Apenas dos días antes, con su enfermedad —cáncer de hígado— llevada en un silencio férreo, había publicado su último álbum, Blackstar: oscuro, misterioso, sobreanalizado (inevitable) y convertido, de golpe, en una despedida. El hombre que compuso su propio réquiem.
David Bowie en vivo durante el Freddie Mercury Tribute Concert en 1992. Foto: ReutersAntes de apagarse, Bowie fue una gigante roja. Esas estrellas, cuando se quedan sin combustible, se hinchan, cambian de color y en el tramo final pueden brillar más. No es astronomía de manual: es una imagen para decir lo obvio sin solemnidad. Bowie se fue, pero su luz siguió viajando.
Del Oh! You Pretty Things a la irresistible y furiosa The Pretty Things Are Going to Hell, Bowie fue una cosa hermosa que muta. Dejó discos de todo tono y color, como los períodos de Picasso: azules, rosas o negros. En su caso fueron glam, pre-punk, folk, vanguardia. El jazz filoso en Aladdin Sane, la trilogía de Berlín o la reinvención del disco ya instalado en Estados Unidos.
Y hoy, a 10 años de su muerte, Starman —como en su canción de Ziggy Stardust— sigue brillando y girando a velocidad de la luz alrededor del mundo.
Acá van 7 motivos de por qué uno de los músicos más importantes de la segunda mitad del siglo XX sigue habitando el presente —y lo va a seguir haciendo— los próximos 10, 100 o un millón de años. Mientras el fulgor de su estrella siga alumbrando desde su “odisea espacial”, más viva que nunca.
1 – El estilo tardío de David Bowie y un nuevo documental
Hay una idea útil —sin ponerse solemne— para mirar los últimos años de ciertos artistas: el “estilo tardío”. El escritor Edward Said la usó para explicar que, a veces, el final no es decadencia sino una manera de tensar el lenguaje cuando ya no hay nada que demostrar.

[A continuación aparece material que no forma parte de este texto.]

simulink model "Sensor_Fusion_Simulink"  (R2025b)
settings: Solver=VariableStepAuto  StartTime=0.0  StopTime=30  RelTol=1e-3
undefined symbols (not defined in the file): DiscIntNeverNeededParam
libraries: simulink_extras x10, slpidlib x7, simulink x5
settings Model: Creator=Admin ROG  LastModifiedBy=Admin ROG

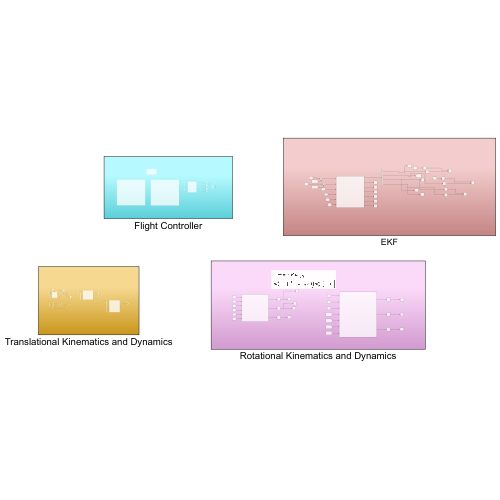
[thumbnail: Simulink's stored preview of the top-level diagram]
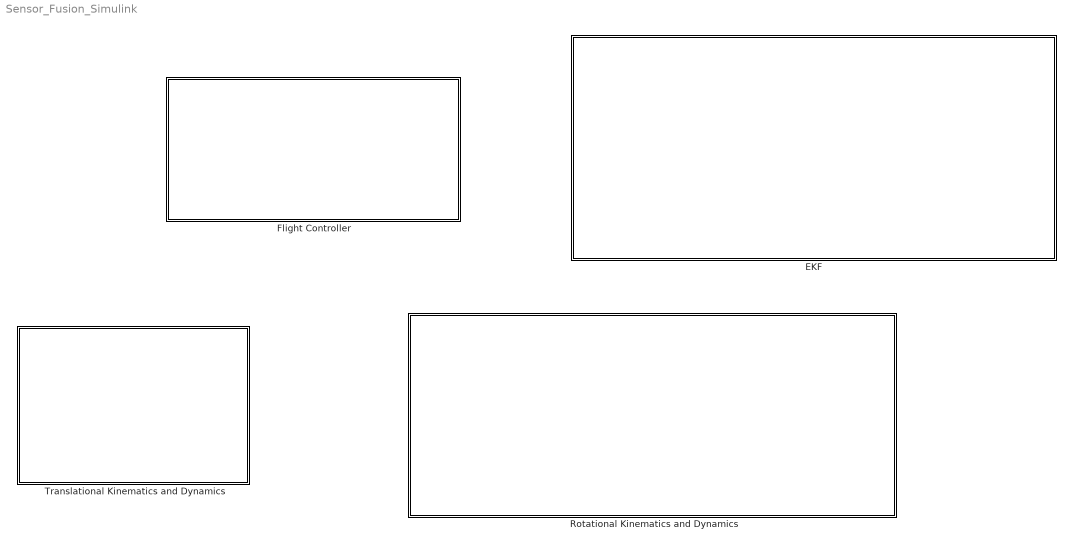
== system Sensor_Fusion_Simulink ==
  EKF : Subsystem
  Flight Controller : Subsystem
  Rotational Kinematics and Dynamics : Subsystem
  Translational Kinematics and Dynamics : Subsystem

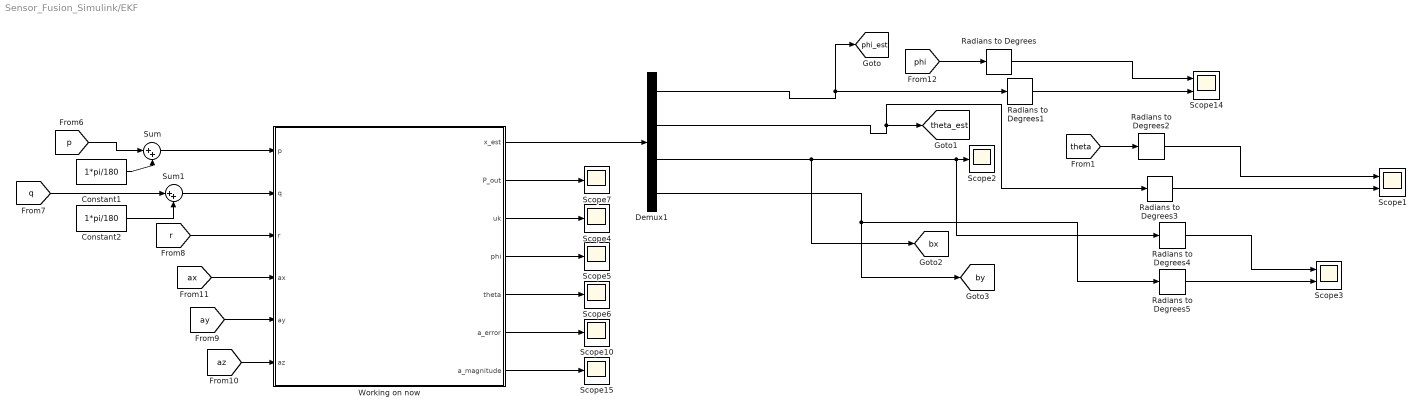
== system Sensor_Fusion_Simulink/EKF ==
  Constant1 : Constant  Value=1*pi/180
  Constant2 : Constant  Value=1*pi/180
  Demux1 : Demux
  Radians to Degrees{,1..5} (6 alike) : simulink_extras/Transformations/Radians to Degrees
  Scope1 : Scope  NumInputPorts=2
      settings: ActiveDisplayYMinimum=-0.57990177915773911  ActiveDisplayYMaximum=0.85703606877575134  DataLoggingVariableName=ScopeData19
  Scope{2,4..7,10,15} (7 alike) : Scope
      Scope10 settings: ActiveDisplayYMinimum=-33.495641453039809  ActiveDisplayYMaximum=182.18044745290689  DataLoggingVariableName=ScopeData35
      Scope15 settings: ActiveDisplayYMinimum=-33.295659158076418  ActiveDisplayYMaximum=317.12667362775773  DataLoggingVariableName=ScopeData36
      Scope2 settings: ActiveDisplayYMinimum=-0.0058388321761880082  ActiveDisplayYMaximum=0.025479521819259585  DataLoggingVariableName=ScopeData20
      Scope4 settings: ActiveDisplayYMinimum=-0.41125597879318471  ActiveDisplayYMaximum=3.5363536127434574  DataLoggingVariableName=ScopeData22
      Scope5 settings: ActiveDisplayYMinimum=-115.87931452635893  ActiveDisplayYMaximum=917.93819898150412  DataLoggingVariableName=ScopeData23
      Scope6 settings: ActiveDisplayYMinimum=-0.0043204427587799  ActiveDisplayYMaximum=0.014186886760105504  DataLoggingVariableName=ScopeData24
      Scope7 settings: ActiveDisplayYMinimum=-4.3708616172804561E-5  ActiveDisplayYMaximum=0.00012450012296327597  DataLoggingVariableName=ScopeData25
  Scope14 : Scope  NumInputPorts=2
      settings: ActiveDisplayYMinimum=-4.8648496704127089  ActiveDisplayYMaximum=36.951521266621747  DataLoggingVariableName=ScopeData18
  Scope3 : Scope  NumInputPorts=2
      settings: ActiveDisplayYMinimum=-0.33454044098075875  ActiveDisplayYMaximum=1.4598690642550676  DataLoggingVariableName=ScopeData21
  Sum : Sum  Inputs=|++
  Sum1 : Sum  Inputs=|++
  Working on now : MATLAB Function  TreatAsAtomicUnit=on
  tag scope: bx=global, by=global, phi_est=global, theta_est=global
  wires:
  Demux1/3 -> [bx], Radians to Degrees4/1, Scope2/1
  Sum/1 -> Working on now/1(p)
  Demux1/1 -> [phi_est], Radians to Degrees1/1
  [az] -> Working on now/6(az)
  [ax] -> Working on now/4(ax)
  [p] -> Sum/1
  Working on now/5(theta) -> Scope6/1
  Working on now/6(a_error) -> Scope10/1
  Demux1/4 -> [by], Radians to Degrees5/1
  Working on now/7(a_magnitude) -> Scope15/1
  Working on now/4(phi) -> Scope5/1
  [ay] -> Working on now/5(ay)
  Working on now/3(uk) -> Scope4/1
  Demux1/2 -> [theta_est], Radians to Degrees3/1
  Working on now/1(x_est) -> Demux1/1
  Working on now/2(P_out) -> Scope7/1
  [r] -> Working on now/3(r)
  [phi] -> Radians to Degrees/1
  Radians to Degrees/1 -> Scope14/1
  Radians to Degrees1/1 -> Scope14/2
  Constant1/1 -> Sum/2
  [q] -> Sum1/1
  Sum1/1 -> Working on now/2(q)
  Constant2/1 -> Sum1/2
  [theta] -> Radians to Degrees2/1
  Radians to Degrees2/1 -> Scope1/1
  Radians to Degrees3/1 -> Scope1/2
  Radians to Degrees4/1 -> Scope3/1
  Radians to Degrees5/1 -> Scope3/2

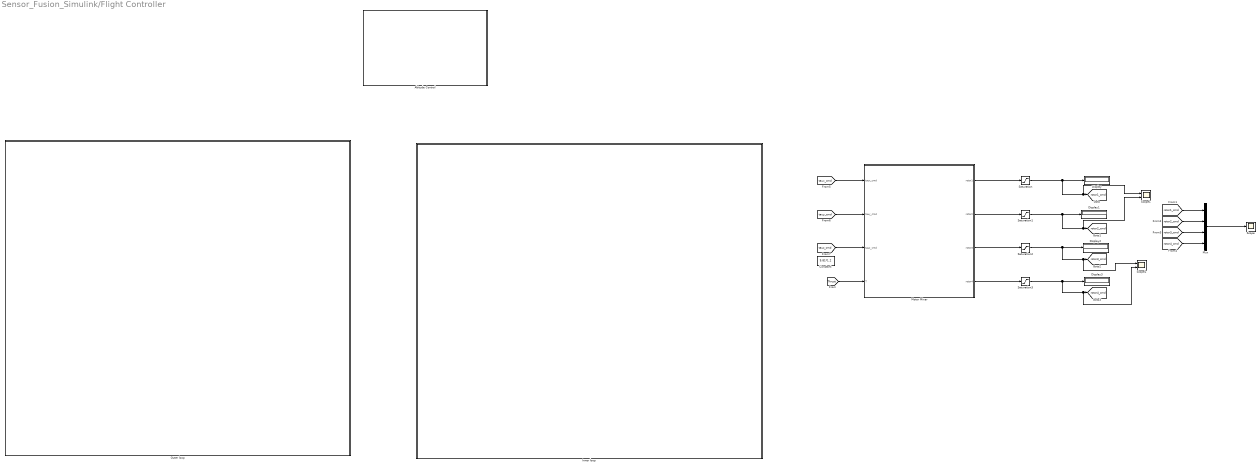
== system Sensor_Fusion_Simulink/Flight Controller ==
  Altitude Control : Subsystem
  Constant : Constant  Value=9.81*1.2
  Display{,1..3} (4 alike) : Display
  Inner loop : Subsystem
  Motor Mixer : MATLAB Function  TreatAsAtomicUnit=on
  Mux : Mux
  Outer loop : Subsystem
  Saturation{,1..3} (4 alike) : Saturate  UpperLimit=2094.8  LowerLimit=0
  Scope : Scope
      settings: ActiveDisplayYMinimum=-261.84999999999997  ActiveDisplayYMaximum=2356.65  DataLoggingVariableName=ScopeData7
  Scope1 : Scope  NumInputPorts=2
      settings: ActiveDisplayYMinimum=-261.84999999999997  ActiveDisplayYMaximum=2356.65  DataLoggingVariableName=ScopeData11
  Scope2 : Scope  NumInputPorts=2
      settings: ActiveDisplayYMinimum=820.27707495183745  ActiveDisplayYMaximum=820.27707495183768  DataLoggingVariableName=ScopeData12
  tag scope: rotor1_cmd=global, rotor2_cmd=global, rotor3_cmd=global, rotor4_cmd=global
  wires:
  [rotor2_cmd] -> Mux/2
  [rotor3_cmd] -> Mux/3
  Mux/1 -> Scope/1
  [rotor1_cmd] -> Mux/1
  [rotor4_cmd] -> Mux/4
  Motor Mixer/4(rotor4) -> Saturation3/1
  Motor Mixer/3(rotor3) -> Saturation2/1
  Motor Mixer/1(rotor1) -> Saturation/1
  Motor Mixer/2(rotor2) -> Saturation1/1
  Saturation/1 -> Scope1/1, [rotor1_cmd], Display/1
  Saturation1/1 -> Scope1/2, [rotor2_cmd], Display1/1
  Saturation2/1 -> Scope2/1, [rotor3_cmd], Display2/1
  Saturation3/1 -> Scope2/2, [rotor4_cmd], Display3/1
  [tauy_cmd] -> Motor Mixer/2(tauy_cmd)
  [taux_cmd] -> Motor Mixer/1(taux_cmd)
  [tauz_cmd] -> Motor Mixer/3(tauz_cmd)
  [Thrust] -> Motor Mixer/4(T)

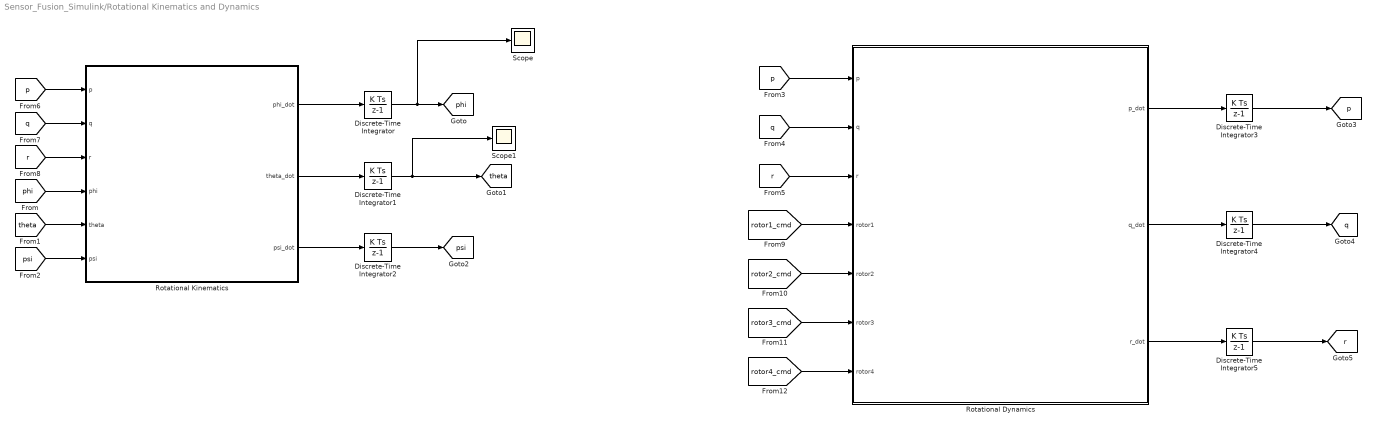
== system Sensor_Fusion_Simulink/Rotational Kinematics and Dynamics ==
  Discrete-Time Integrator{,1..5} (6 alike) : DiscreteIntegrator  SampleTime=0.002  ICPrevOutput=DiscIntNeverNeededParam  ICPrevScaledInput=DiscIntNeverNeededParam
  Rotational Dynamics : MATLAB Function  TreatAsAtomicUnit=on
  "Rotational Kinematics    " : MATLAB Function  TreatAsAtomicUnit=on
  Scope : Scope
      settings: ActiveDisplayYMinimum=-0.022412150722965766  ActiveDisplayYMaximum=0.028745169300771516  DataLoggingVariableName=ScopeData3
  Scope1 : Scope
      settings: ActiveDisplayYMinimum=-13.839906623900923  ActiveDisplayYMaximum=45.902212590490322  DataLoggingVariableName=ScopeData4
  tag scope: p=global, phi=global, psi=global, q=global, r=global, theta=global
  wires:
  Discrete-Time Integrator2/1 -> [psi]
  Discrete-Time Integrator4/1 -> [q]
  Discrete-Time Integrator/1 -> Scope/1, [phi]
  [psi] -> "Rotational Kinematics    "/6(psi)
  [theta] -> "Rotational Kinematics    "/5(theta)
  Discrete-Time Integrator3/1 -> [p]
  "Rotational Kinematics    "/1(phi_dot) -> Discrete-Time Integrator/1
  "Rotational Kinematics    "/2(theta_dot) -> Discrete-Time Integrator1/1
  "Rotational Kinematics    "/3(psi_dot) -> Discrete-Time Integrator2/1
  [phi] -> "Rotational Kinematics    "/4(phi)
  Rotational Dynamics/2(q_dot) -> Discrete-Time Integrator4/1
  Discrete-Time Integrator5/1 -> [r]
  Rotational Dynamics/3(r_dot) -> Discrete-Time Integrator5/1
  Rotational Dynamics/1(p_dot) -> Discrete-Time Integrator3/1
  [r] -> Rotational Dynamics/3(r)
  [q] -> Rotational Dynamics/2(q)
  [p] -> Rotational Dynamics/1(p)
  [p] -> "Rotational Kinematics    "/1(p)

El afiche del documental «David Bowie: The final act».En ese mapa entran despedidas muy distintas pero emparentadas: Leonard Cohen con You Want It Darker; Nick Cave convirtiendo el duelo en discos posteriores a la muerte de su hijo Arthur; y, a su modo, David Bowie, que entre 2002 y 2016 fue reescribiendo su despedida en tiempo real.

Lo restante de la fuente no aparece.